Femoral insufficiency fractures after prolonged alendronate therapy seldom heal spontaneously. Alendronate acts as a strong inhibitor of osteoclastic bone resorption which reduces the overall bone turnover. This has a negative effect on bone healing and is likely one of the reasons why many of the insufficiency fractures have delayed healing. Since alendronate inhibits osteoclastic remodeling, endochondral fracture repair is the preferred method of fracture healing. Intramedullary reconstruction with full-length nails accomplishes this goal and protects the entire femur. Locking plates preclude endochondral repair and are not recommended as the method of fixation . Sayed-Noor and Sjödén reported a case series of delayed union even after internal fixation of a femoral insufficiency fracture in a patient who was on long-term alendronate . Visekruna et al. reported no radiographic evidence of union out as far as 22 months postoperatively . Capeci and Tejwani and Ha et al. reported union at an average of four and five months, respectively, after internal fixation [7, 8]. In our case, the left femur fracture was treated with a reamed intramedullary nail with union at four months.
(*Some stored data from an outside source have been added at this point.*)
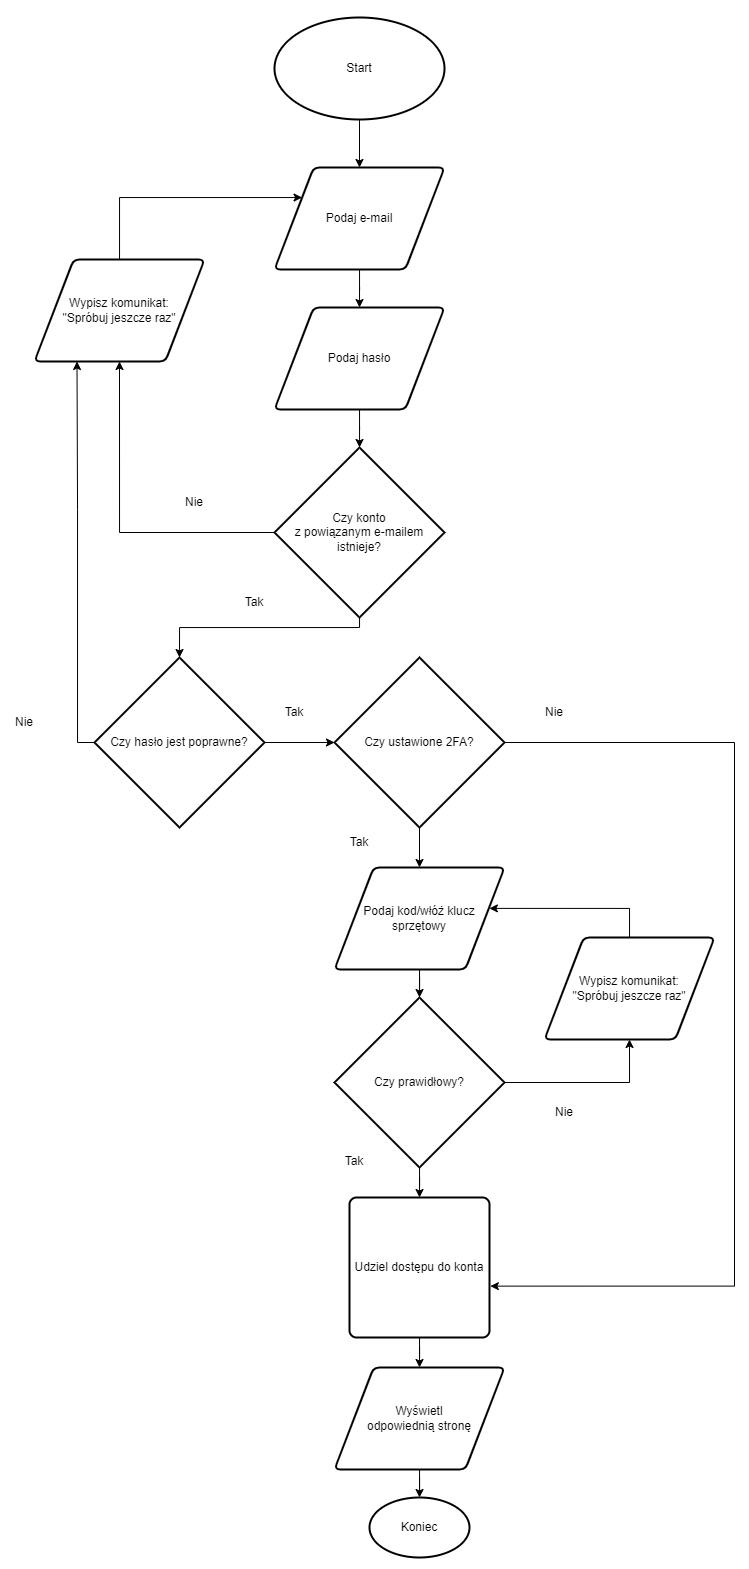

The diagram above was exported from draw.io. Its source (the exported page's mxGraphModel, read from the mxfile embedded in the PNG):
<mxGraphModel dx="1974" dy="1775" grid="1" gridSize="10" guides="1" tooltips="1" connect="1" arrows="1" fold="1" page="1" pageScale="1" pageWidth="827" pageHeight="1169" math="0" shadow="0">
  <root>
    <mxCell id="0" />
    <mxCell id="1" parent="0" />
    <mxCell id="qYXRKCtDMHap4xVSrhWZ-41" style="edgeStyle=orthogonalEdgeStyle;rounded=0;orthogonalLoop=1;jettySize=auto;html=1;entryX=0.5;entryY=0;entryDx=0;entryDy=0;" edge="1" parent="1" source="qYXRKCtDMHap4xVSrhWZ-1" target="qYXRKCtDMHap4xVSrhWZ-2">
      <mxGeometry relative="1" as="geometry" />
    </mxCell>
    <mxCell id="qYXRKCtDMHap4xVSrhWZ-1" value="Start" style="strokeWidth=2;html=1;shape=mxgraph.flowchart.start_1;whiteSpace=wrap;aspect=fixed;" vertex="1" parent="1">
      <mxGeometry x="300" y="10" width="170" height="102" as="geometry" />
    </mxCell>
    <mxCell id="qYXRKCtDMHap4xVSrhWZ-42" style="edgeStyle=orthogonalEdgeStyle;rounded=0;orthogonalLoop=1;jettySize=auto;html=1;entryX=0.5;entryY=0;entryDx=0;entryDy=0;" edge="1" parent="1" source="qYXRKCtDMHap4xVSrhWZ-2" target="qYXRKCtDMHap4xVSrhWZ-9">
      <mxGeometry relative="1" as="geometry" />
    </mxCell>
    <mxCell id="qYXRKCtDMHap4xVSrhWZ-2" value="Podaj e-mail" style="shape=parallelogram;html=1;strokeWidth=2;perimeter=parallelogramPerimeter;whiteSpace=wrap;rounded=1;arcSize=12;size=0.23;aspect=fixed;" vertex="1" parent="1">
      <mxGeometry x="300" y="160" width="170" height="102" as="geometry" />
    </mxCell>
    <mxCell id="qYXRKCtDMHap4xVSrhWZ-28" style="edgeStyle=orthogonalEdgeStyle;rounded=0;orthogonalLoop=1;jettySize=auto;html=1;entryX=0.5;entryY=1;entryDx=0;entryDy=0;" edge="1" parent="1" source="qYXRKCtDMHap4xVSrhWZ-4" target="qYXRKCtDMHap4xVSrhWZ-15">
      <mxGeometry relative="1" as="geometry" />
    </mxCell>
    <mxCell id="qYXRKCtDMHap4xVSrhWZ-44" style="edgeStyle=orthogonalEdgeStyle;rounded=0;orthogonalLoop=1;jettySize=auto;html=1;entryX=0.5;entryY=0;entryDx=0;entryDy=0;entryPerimeter=0;" edge="1" parent="1" source="qYXRKCtDMHap4xVSrhWZ-4" target="qYXRKCtDMHap4xVSrhWZ-8">
      <mxGeometry relative="1" as="geometry">
        <Array as="points">
          <mxPoint x="385" y="620" />
          <mxPoint x="205" y="620" />
        </Array>
      </mxGeometry>
    </mxCell>
    <mxCell id="qYXRKCtDMHap4xVSrhWZ-4" value="Czy konto &lt;br&gt;z powiązanym e-mailem istnieje?" style="strokeWidth=2;html=1;shape=mxgraph.flowchart.decision;whiteSpace=wrap;aspect=fixed;" vertex="1" parent="1">
      <mxGeometry x="300" y="440" width="170" height="170" as="geometry" />
    </mxCell>
    <mxCell id="qYXRKCtDMHap4xVSrhWZ-27" style="edgeStyle=orthogonalEdgeStyle;rounded=0;orthogonalLoop=1;jettySize=auto;html=1;entryX=0.25;entryY=1;entryDx=0;entryDy=0;" edge="1" parent="1" source="qYXRKCtDMHap4xVSrhWZ-8" target="qYXRKCtDMHap4xVSrhWZ-15">
      <mxGeometry relative="1" as="geometry">
        <Array as="points">
          <mxPoint x="103" y="735" />
          <mxPoint x="103" y="502" />
        </Array>
      </mxGeometry>
    </mxCell>
    <mxCell id="qYXRKCtDMHap4xVSrhWZ-32" style="edgeStyle=orthogonalEdgeStyle;rounded=0;orthogonalLoop=1;jettySize=auto;html=1;" edge="1" parent="1" source="qYXRKCtDMHap4xVSrhWZ-8" target="qYXRKCtDMHap4xVSrhWZ-31">
      <mxGeometry relative="1" as="geometry" />
    </mxCell>
    <mxCell id="qYXRKCtDMHap4xVSrhWZ-8" value="Czy hasło jest poprawne?" style="strokeWidth=2;html=1;shape=mxgraph.flowchart.decision;whiteSpace=wrap;aspect=fixed;" vertex="1" parent="1">
      <mxGeometry x="120" y="650" width="170" height="170" as="geometry" />
    </mxCell>
    <mxCell id="qYXRKCtDMHap4xVSrhWZ-43" style="edgeStyle=orthogonalEdgeStyle;rounded=0;orthogonalLoop=1;jettySize=auto;html=1;" edge="1" parent="1" source="qYXRKCtDMHap4xVSrhWZ-9" target="qYXRKCtDMHap4xVSrhWZ-4">
      <mxGeometry relative="1" as="geometry" />
    </mxCell>
    <mxCell id="qYXRKCtDMHap4xVSrhWZ-9" value="Podaj hasło" style="shape=parallelogram;html=1;strokeWidth=2;perimeter=parallelogramPerimeter;whiteSpace=wrap;rounded=1;arcSize=12;size=0.23;aspect=fixed;" vertex="1" parent="1">
      <mxGeometry x="300" y="300" width="170" height="102" as="geometry" />
    </mxCell>
    <mxCell id="qYXRKCtDMHap4xVSrhWZ-13" value="Tak" style="text;html=1;strokeColor=none;fillColor=none;align=center;verticalAlign=middle;whiteSpace=wrap;rounded=0;" vertex="1" parent="1">
      <mxGeometry x="290" y="690" width="60" height="30" as="geometry" />
    </mxCell>
    <mxCell id="qYXRKCtDMHap4xVSrhWZ-18" style="edgeStyle=orthogonalEdgeStyle;rounded=0;orthogonalLoop=1;jettySize=auto;html=1;" edge="1" parent="1" source="qYXRKCtDMHap4xVSrhWZ-15" target="qYXRKCtDMHap4xVSrhWZ-2">
      <mxGeometry relative="1" as="geometry">
        <mxPoint x="310" y="190" as="targetPoint" />
        <Array as="points">
          <mxPoint x="145" y="190" />
        </Array>
      </mxGeometry>
    </mxCell>
    <mxCell id="qYXRKCtDMHap4xVSrhWZ-15" value="Wypisz komunikat:&lt;br&gt;&quot;Spróbuj jeszcze raz&quot;" style="shape=parallelogram;html=1;strokeWidth=2;perimeter=parallelogramPerimeter;whiteSpace=wrap;rounded=1;arcSize=12;size=0.23;aspect=fixed;" vertex="1" parent="1">
      <mxGeometry x="60" y="252" width="170" height="102" as="geometry" />
    </mxCell>
    <mxCell id="qYXRKCtDMHap4xVSrhWZ-17" value="Nie" style="text;html=1;strokeColor=none;fillColor=none;align=center;verticalAlign=middle;whiteSpace=wrap;rounded=0;" vertex="1" parent="1">
      <mxGeometry x="20" y="700" width="60" height="30" as="geometry" />
    </mxCell>
    <mxCell id="qYXRKCtDMHap4xVSrhWZ-29" value="Nie" style="text;html=1;strokeColor=none;fillColor=none;align=center;verticalAlign=middle;whiteSpace=wrap;rounded=0;" vertex="1" parent="1">
      <mxGeometry x="190" y="480" width="60" height="30" as="geometry" />
    </mxCell>
    <mxCell id="qYXRKCtDMHap4xVSrhWZ-47" style="edgeStyle=orthogonalEdgeStyle;rounded=0;orthogonalLoop=1;jettySize=auto;html=1;entryX=0.5;entryY=0;entryDx=0;entryDy=0;" edge="1" parent="1" source="qYXRKCtDMHap4xVSrhWZ-31" target="qYXRKCtDMHap4xVSrhWZ-38">
      <mxGeometry relative="1" as="geometry" />
    </mxCell>
    <mxCell id="qYXRKCtDMHap4xVSrhWZ-53" style="edgeStyle=orthogonalEdgeStyle;rounded=0;orthogonalLoop=1;jettySize=auto;html=1;entryX=1.006;entryY=0.633;entryDx=0;entryDy=0;entryPerimeter=0;" edge="1" parent="1" source="qYXRKCtDMHap4xVSrhWZ-31" target="qYXRKCtDMHap4xVSrhWZ-33">
      <mxGeometry relative="1" as="geometry">
        <Array as="points">
          <mxPoint x="760" y="735" />
          <mxPoint x="760" y="1279" />
        </Array>
      </mxGeometry>
    </mxCell>
    <mxCell id="qYXRKCtDMHap4xVSrhWZ-31" value="Czy ustawione 2FA?" style="strokeWidth=2;html=1;shape=mxgraph.flowchart.decision;whiteSpace=wrap;aspect=fixed;" vertex="1" parent="1">
      <mxGeometry x="360" y="650" width="170" height="170" as="geometry" />
    </mxCell>
    <mxCell id="qYXRKCtDMHap4xVSrhWZ-50" style="edgeStyle=orthogonalEdgeStyle;rounded=0;orthogonalLoop=1;jettySize=auto;html=1;entryX=0.5;entryY=0;entryDx=0;entryDy=0;" edge="1" parent="1" source="qYXRKCtDMHap4xVSrhWZ-33" target="qYXRKCtDMHap4xVSrhWZ-36">
      <mxGeometry relative="1" as="geometry" />
    </mxCell>
    <mxCell id="qYXRKCtDMHap4xVSrhWZ-33" value="Udziel dostępu do konta" style="rounded=1;whiteSpace=wrap;html=1;absoluteArcSize=1;arcSize=14;strokeWidth=2;aspect=fixed;" vertex="1" parent="1">
      <mxGeometry x="375" y="1190" width="140" height="140" as="geometry" />
    </mxCell>
    <mxCell id="qYXRKCtDMHap4xVSrhWZ-51" style="edgeStyle=orthogonalEdgeStyle;rounded=0;orthogonalLoop=1;jettySize=auto;html=1;entryX=0.5;entryY=0;entryDx=0;entryDy=0;entryPerimeter=0;" edge="1" parent="1" source="qYXRKCtDMHap4xVSrhWZ-36" target="qYXRKCtDMHap4xVSrhWZ-37">
      <mxGeometry relative="1" as="geometry" />
    </mxCell>
    <mxCell id="qYXRKCtDMHap4xVSrhWZ-36" value="Wyświetl&lt;br&gt;odpowiednią stronę" style="shape=parallelogram;html=1;strokeWidth=2;perimeter=parallelogramPerimeter;whiteSpace=wrap;rounded=1;arcSize=12;size=0.23;aspect=fixed;" vertex="1" parent="1">
      <mxGeometry x="360" y="1360" width="170" height="102" as="geometry" />
    </mxCell>
    <mxCell id="qYXRKCtDMHap4xVSrhWZ-37" value="Koniec" style="strokeWidth=2;html=1;shape=mxgraph.flowchart.start_1;whiteSpace=wrap;" vertex="1" parent="1">
      <mxGeometry x="395" y="1490" width="100" height="60" as="geometry" />
    </mxCell>
    <mxCell id="qYXRKCtDMHap4xVSrhWZ-48" style="edgeStyle=orthogonalEdgeStyle;rounded=0;orthogonalLoop=1;jettySize=auto;html=1;entryX=0.5;entryY=0;entryDx=0;entryDy=0;entryPerimeter=0;" edge="1" parent="1" source="qYXRKCtDMHap4xVSrhWZ-38" target="qYXRKCtDMHap4xVSrhWZ-39">
      <mxGeometry relative="1" as="geometry" />
    </mxCell>
    <mxCell id="qYXRKCtDMHap4xVSrhWZ-38" value="Podaj kod/włóż klucz sprzętowy" style="shape=parallelogram;html=1;strokeWidth=2;perimeter=parallelogramPerimeter;whiteSpace=wrap;rounded=1;arcSize=12;size=0.23;aspect=fixed;" vertex="1" parent="1">
      <mxGeometry x="360" y="860" width="170" height="102" as="geometry" />
    </mxCell>
    <mxCell id="qYXRKCtDMHap4xVSrhWZ-49" style="edgeStyle=orthogonalEdgeStyle;rounded=0;orthogonalLoop=1;jettySize=auto;html=1;entryX=0.5;entryY=0;entryDx=0;entryDy=0;" edge="1" parent="1" source="qYXRKCtDMHap4xVSrhWZ-39" target="qYXRKCtDMHap4xVSrhWZ-33">
      <mxGeometry relative="1" as="geometry" />
    </mxCell>
    <mxCell id="qYXRKCtDMHap4xVSrhWZ-52" style="edgeStyle=orthogonalEdgeStyle;rounded=0;orthogonalLoop=1;jettySize=auto;html=1;entryX=0.5;entryY=1;entryDx=0;entryDy=0;" edge="1" parent="1" source="qYXRKCtDMHap4xVSrhWZ-39" target="qYXRKCtDMHap4xVSrhWZ-40">
      <mxGeometry relative="1" as="geometry" />
    </mxCell>
    <mxCell id="qYXRKCtDMHap4xVSrhWZ-39" value="Czy prawidłowy?" style="strokeWidth=2;html=1;shape=mxgraph.flowchart.decision;whiteSpace=wrap;aspect=fixed;" vertex="1" parent="1">
      <mxGeometry x="360" y="990" width="170" height="170" as="geometry" />
    </mxCell>
    <mxCell id="qYXRKCtDMHap4xVSrhWZ-56" style="edgeStyle=orthogonalEdgeStyle;rounded=0;orthogonalLoop=1;jettySize=auto;html=1;entryX=0.911;entryY=0.401;entryDx=0;entryDy=0;entryPerimeter=0;" edge="1" parent="1" source="qYXRKCtDMHap4xVSrhWZ-40" target="qYXRKCtDMHap4xVSrhWZ-38">
      <mxGeometry relative="1" as="geometry">
        <Array as="points">
          <mxPoint x="655" y="901" />
        </Array>
      </mxGeometry>
    </mxCell>
    <mxCell id="qYXRKCtDMHap4xVSrhWZ-40" value="Wypisz komunikat:&lt;br&gt;&quot;Spróbuj jeszcze raz&quot;" style="shape=parallelogram;html=1;strokeWidth=2;perimeter=parallelogramPerimeter;whiteSpace=wrap;rounded=1;arcSize=12;size=0.23;aspect=fixed;" vertex="1" parent="1">
      <mxGeometry x="570" y="930" width="170" height="102" as="geometry" />
    </mxCell>
    <mxCell id="qYXRKCtDMHap4xVSrhWZ-45" value="Tak" style="text;html=1;strokeColor=none;fillColor=none;align=center;verticalAlign=middle;whiteSpace=wrap;rounded=0;" vertex="1" parent="1">
      <mxGeometry x="250" y="580" width="60" height="30" as="geometry" />
    </mxCell>
    <mxCell id="qYXRKCtDMHap4xVSrhWZ-46" value="Tak" style="text;html=1;strokeColor=none;fillColor=none;align=center;verticalAlign=middle;whiteSpace=wrap;rounded=0;" vertex="1" parent="1">
      <mxGeometry x="355" y="820" width="60" height="30" as="geometry" />
    </mxCell>
    <mxCell id="qYXRKCtDMHap4xVSrhWZ-54" value="Nie" style="text;html=1;strokeColor=none;fillColor=none;align=center;verticalAlign=middle;whiteSpace=wrap;rounded=0;" vertex="1" parent="1">
      <mxGeometry x="550" y="690" width="60" height="30" as="geometry" />
    </mxCell>
    <mxCell id="qYXRKCtDMHap4xVSrhWZ-57" value="Nie" style="text;html=1;strokeColor=none;fillColor=none;align=center;verticalAlign=middle;whiteSpace=wrap;rounded=0;" vertex="1" parent="1">
      <mxGeometry x="560" y="1090" width="60" height="30" as="geometry" />
    </mxCell>
    <mxCell id="qYXRKCtDMHap4xVSrhWZ-58" value="Tak" style="text;html=1;strokeColor=none;fillColor=none;align=center;verticalAlign=middle;whiteSpace=wrap;rounded=0;" vertex="1" parent="1">
      <mxGeometry x="350" y="1139" width="60" height="30" as="geometry" />
    </mxCell>
    <mxCell id="qYXRKCtDMHap4xVSrhWZ-60" value="" style="shape=parallelogram;html=1;strokeWidth=2;perimeter=parallelogramPerimeter;whiteSpace=wrap;rounded=1;arcSize=12;size=0.23;" vertex="1" parent="1">
      <mxGeometry x="380" y="1570" width="100" height="60" as="geometry" />
    </mxCell>
    <mxCell id="qYXRKCtDMHap4xVSrhWZ-61" value="" style="shape=parallelogram;html=1;strokeWidth=2;perimeter=parallelogramPerimeter;whiteSpace=wrap;rounded=1;arcSize=12;size=0.23;" vertex="1" parent="1">
      <mxGeometry x="-100" y="685" width="100" height="60" as="geometry" />
    </mxCell>
    <mxCell id="qYXRKCtDMHap4xVSrhWZ-62" value="" style="shape=parallelogram;html=1;strokeWidth=2;perimeter=parallelogramPerimeter;whiteSpace=wrap;rounded=1;arcSize=12;size=0.23;" vertex="1" parent="1">
      <mxGeometry x="780" y="685" width="100" height="60" as="geometry" />
    </mxCell>
    <mxCell id="qYXRKCtDMHap4xVSrhWZ-63" value="" style="shape=parallelogram;html=1;strokeWidth=2;perimeter=parallelogramPerimeter;whiteSpace=wrap;rounded=1;arcSize=12;size=0.23;" vertex="1" parent="1">
      <mxGeometry x="335" y="-80" width="100" height="60" as="geometry" />
    </mxCell>
  </root>
</mxGraphModel>

Because of the nonprogressive pain from the right femur stress fracture, close observation with protective weight-bearing was initially chosen but proved to be insufficient despite stopping alendronate. Ultimately, prophylactic intramedullary nailing was performed four months after with immediate symptom resolution. We support the view of Capeci and Tejwani and Ha et al. to treat even the incomplete insufficiency fractures with internal fixation. As well, we feel clinicians should not be lured into conservative management by the radiographic features of focal cortical hypertrophy. Dietary calcium and vitamin D status should be assessed, and adequate supplementation should be prescribed. Teriparatide therapy can improve or hasten healing of these fractures .
Although there is strong evidence supporting short-term alendronate therapy to reduce the risk of osteoporotic fractures, there is not enough evidence to suggest benefit in long-term use beyond five years. The continuation of alendronate therapy after five years should be tailored to individual patients after appropriate followup and the need for ongoing therapy reassessed annually . Any patients with prodromal symptoms such as thigh pain should be investigated with routine bilateral radiographs of the femur looking for stress reaction, and if necessary, advanced imaging-like bone scan or magnetic resonance imaging. This is not the first case report on insufficiency diaphyseal fractures related to long-term alendronate therapy. However, this is a case report with characteristic features and bilateral involvement which highlights the importance of evaluating patients on long-term alendronate therapy and recommends early prophylactic internal fixation of these fractures.
4. Key Points(i)Long-term alendronate therapy is likely associated with femoral insufficiency fractures.(ii)Patients on more than 5 years of alendronate therapy should be reevaluated annually regarding continuation of treatment and need close observation.(iii)Patients with thigh pain on alendronate therapy should be investigated for femoral stress fractures.(iv)Insufficiency fractures related to alendronate therapy seldom heal without internal fixation. Teriparatide can hasten healing of these fractures.
5. Conflict of Interests
The authors declare that they have no conflict of interests.